## Your assignment
Copy out every entry that follows, without a single picture.

[Collected data entries]
# # # # #
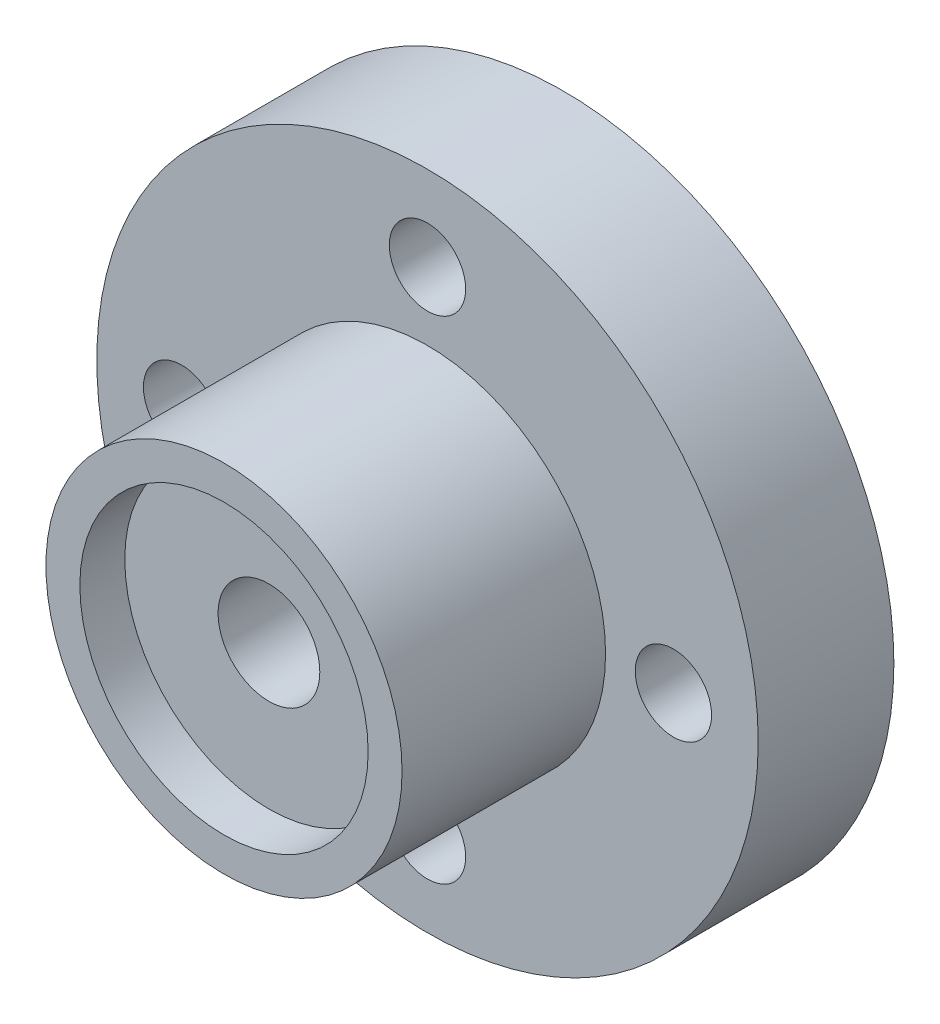
SolidWorks part; units mm, degrees
ref_plane "前视基准面" through (0, 0, 0) normal (0, 0, 1) x (1, 0, 0)
ref_plane "上视基准面" through (0, 0, 0) normal (0, 1, 0) x (1, 0, 0)
ref_plane "右视基准面" through (0, 0, 0) normal (1, 0, 0) x (0, 0, -1)
other "Configuration Table"
sketch "草图1" plane through (0, 0, 0) normal (0, 0, 1) x (1, 0, 0)
  circle A0 centre (0, 0) radius 19.5
  dimension "D1" = 39
extrude "凸台-拉伸1" add sketch "草图1" along normal blind 8
sketch "草图2" plane through (0, 0, 8) normal (0, 0, 1) x (1, 0, 0)
  circle A0 centre (0, 0) radius 10.5
  dimension "D1" = 21
extrude "凸台-拉伸2" add sketch "草图2" along normal blind 12
sketch "草图3" plane through (0, 0, 0) normal (0, 0, -1) x (-1, 0, 0)
  circle A0 centre (0, 0) radius 3
  dimension "D1" = 6
extrude "切除-拉伸1" cut sketch "草图3" against normal through all
sketch "草图4" plane through (0, 0, 20) normal (0, 0, 1) x (1, 0, 0)
  circle A0 centre (0, 0) radius 8.5
  circle A2 centre (0, 0) radius 10.5
  circle A3 centre (0, 0) radius 10.5
  dimension "D1" = 17
  dimension "D2" = 0
extrude "切除-拉伸3" cut sketch "草图4" against normal blind 2.65 contours A0
sketch "草图5" plane through (0, 0, 0) normal (0, 0, -1) x (-1, 0, 0)
  circle A0 centre (0, 0) radius 8.5
  dimension "D1" = 17
extrude "切除-拉伸4" cut sketch "草图5" against normal blind 2
hole_wizard "M4 六角圆柱头螺钉的柱形沉头孔1" positions "草图6" profile "草图7" counterbore size "M4" standard "GB" end condition through all
sketch "草图6" plane through (0, 0, 0) normal (0, 0, -1) x (-1, 0, 0)
  circle A0 centre (0, 0) radius 14.5 construction
  point P0 (0, 14.5)
  dimension "D1" = 29
sketch "草图7" plane through (0, 14.5, 0) normal (1, 0, 0) x (0, 1, 0)
  line L0 (0, 0) -> (0, 20)
  line L1 (0, 20) -> (2.25, 20)
  line L3 (2.25, 20) -> (2.25, 4.6)
  line L4 (4, 4.6) -> (2.25, 4.6)
  line L5 (4, 4.6) -> (4, 0.025)
  line L6 (4, 0.025) -> (4.025, 0)
  line L7 (4.025, 0) -> (0, 0)
  line L8 (-4, 0.025) -> (-4.025, 0) construction
  line L11 (0, -6.35) -> (0, 107.95) construction
  dimension "通孔孔直径" = 4.5
  dimension "通孔孔深度" = 20
  dimension "柱形沉头孔直径" = 8
  dimension "柱形沉头孔深度" = 4.6
  dimension "近端锥形沉头孔直径" = 8.05
  dimension "近端锥形沉头孔角度" = 90
pattern_circular "阵列(圆周)1" count 4 over 360 about axis through (0, 0, 0) along (0, 0, 1) of "M4 六角圆柱头螺钉的柱形沉头孔1"
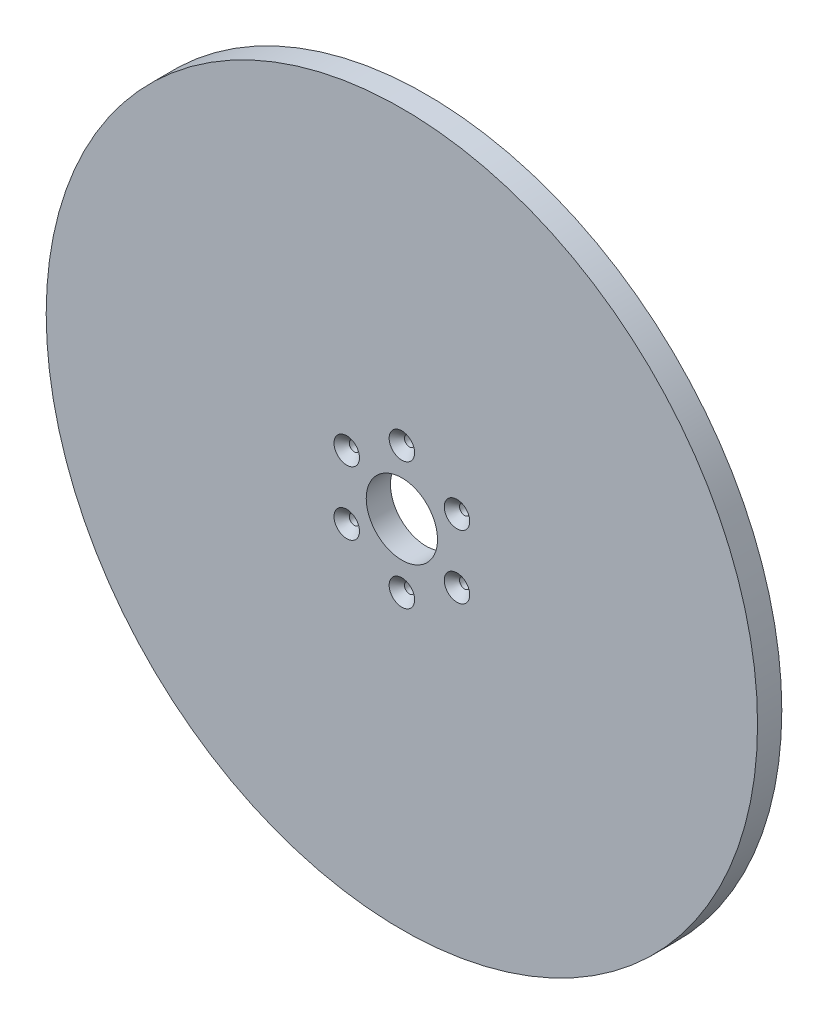
SolidWorks part; units mm, degrees
ref_plane "Front Plane" through (0, 0, 0) normal (0, 0, 1) x (1, 0, 0)
ref_plane "Top Plane" through (0, 0, 0) normal (0, 1, 0) x (1, 0, 0)
ref_plane "Right Plane" through (0, 0, 0) normal (1, 0, 0) x (0, 0, -1)
sketch "Sketch1" plane through (0, 0, 0) normal (0, 0, 1) x (1, 0, 0)
  circle A0 centre (0, 0) radius 139.7
  circle A1 centre (0, 0) radius 14
  dimension "D1" = 279.4
  dimension "D2" = 28
extrude "Boss-Extrude1" add sketch "Sketch1" along normal blind 9.525
sketch "Sketch2" plane through (0, 0, 9.525) normal (0, 0, 1) x (1, 0, 0)
  circle A0 centre (0, 25) radius 2
  dimension "D1" = 4
  dimension "D2" = 25
extrude "Cut-Extrude1" cut sketch "Sketch2" against normal through all
pattern_circular "CirPattern1" count 6 over 360 about axis through (0, 0, 0) along (0, 0, 1) of "Cut-Extrude1"
chamfer "Chamfer1" distance 3 angle 45 6 edges at (-20.6506, 14.2321, 9.525) (-22.6506, -10.7679, 9.525) (-2, -25, 9.525) (20.6506, -14.2321, 9.525) (22.6506, 10.7679, 9.525) (2, 25, 9.525)
# # # # #
## Answer to the problem
SolidWorks part; units mm, degrees
ref_plane "前视基准面" through (0, 0, 0) normal (0, 0, 1) x (1, 0, 0)
ref_plane "上视基准面" through (0, 0, 0) normal (0, 1, 0) x (1, 0, 0)
ref_plane "右视基准面" through (0, 0, 0) normal (1, 0, 0) x (0, 0, -1)
other "Configuration Table"
sketch "草图1" plane through (0, 0, 0) normal (0, 0, 1) x (1, 0, 0)
  circle A0 centre (0, 0) radius 19.5
  dimension "D1" = 39
extrude "凸台-拉伸1" add sketch "草图1" along normal blind 8
sketch "草图2" plane through (0, 0, 8) normal (0, 0, 1) x (1, 0, 0)
  circle A0 centre (0, 0) radius 10.5
  dimension "D1" = 21
extrude "凸台-拉伸2" add sketch "草图2" along normal blind 12
sketch "草图3" plane through (0, 0, 0) normal (0, 0, -1) x (-1, 0, 0)
  circle A0 centre (0, 0) radius 3
  dimension "D1" = 6
extrude "切除-拉伸1" cut sketch "草图3" against normal through all
sketch "草图4" plane through (0, 0, 20) normal (0, 0, 1) x (1, 0, 0)
  circle A0 centre (0, 0) radius 8.5
  circle A2 centre (0, 0) radius 10.5
  circle A3 centre (0, 0) radius 10.5
  dimension "D1" = 17
  dimension "D2" = 0
extrude "切除-拉伸3" cut sketch "草图4" against normal blind 2.65 contours A0
sketch "草图5" plane through (0, 0, 0) normal (0, 0, -1) x (-1, 0, 0)
  circle A0 centre (0, 0) radius 8.5
  dimension "D1" = 17
extrude "切除-拉伸4" cut sketch "草图5" against normal blind 2
hole_wizard "M4 六角圆柱头螺钉的柱形沉头孔1" positions "草图6" profile "草图7" counterbore size "M4" standard "GB" end condition through all
sketch "草图6" plane through (0, 0, 0) normal (0, 0, -1) x (-1, 0, 0)
  circle A0 centre (0, 0) radius 14.5 construction
  point P0 (0, 14.5)
  dimension "D1" = 29
sketch "草图7" plane through (0, 14.5, 0) normal (1, 0, 0) x (0, 1, 0)
  line L0 (0, 0) -> (0, 20)
  line L1 (0, 20) -> (2.25, 20)
  line L3 (2.25, 20) -> (2.25, 4.6)
  line L4 (4, 4.6) -> (2.25, 4.6)
  line L5 (4, 4.6) -> (4, 0.025)
  line L6 (4, 0.025) -> (4.025, 0)
  line L7 (4.025, 0) -> (0, 0)
  line L8 (-4, 0.025) -> (-4.025, 0) construction
  line L11 (0, -6.35) -> (0, 107.95) construction
  dimension "通孔孔直径" = 4.5
  dimension "通孔孔深度" = 20
  dimension "柱形沉头孔直径" = 8
  dimension "柱形沉头孔深度" = 4.6
  dimension "近端锥形沉头孔直径" = 8.05
  dimension "近端锥形沉头孔角度" = 90
pattern_circular "阵列(圆周)1" count 4 over 360 about axis through (0, 0, 0) along (0, 0, 1) of "M4 六角圆柱头螺钉的柱形沉头孔1"
SolidWorks part; units mm, degrees
ref_plane "Front Plane" through (0, 0, 0) normal (0, 0, 1) x (1, 0, 0)
ref_plane "Top Plane" through (0, 0, 0) normal (0, 1, 0) x (1, 0, 0)
ref_plane "Right Plane" through (0, 0, 0) normal (1, 0, 0) x (0, 0, -1)
sketch "Sketch1" plane through (0, 0, 0) normal (0, 0, 1) x (1, 0, 0)
  circle A0 centre (0, 0) radius 139.7
  circle A1 centre (0, 0) radius 14
  dimension "D1" = 279.4
  dimension "D2" = 28
extrude "Boss-Extrude1" add sketch "Sketch1" along normal blind 9.525
sketch "Sketch2" plane through (0, 0, 9.525) normal (0, 0, 1) x (1, 0, 0)
  circle A0 centre (0, 25) radius 2
  dimension "D1" = 4
  dimension "D2" = 25
extrude "Cut-Extrude1" cut sketch "Sketch2" against normal through all
pattern_circular "CirPattern1" count 6 over 360 about axis through (0, 0, 0) along (0, 0, 1) of "Cut-Extrude1"
chamfer "Chamfer1" distance 3 angle 45 6 edges at (-20.6506, 14.2321, 9.525) (-22.6506, -10.7679, 9.525) (-2, -25, 9.525) (20.6506, -14.2321, 9.525) (22.6506, 10.7679, 9.525) (2, 25, 9.525)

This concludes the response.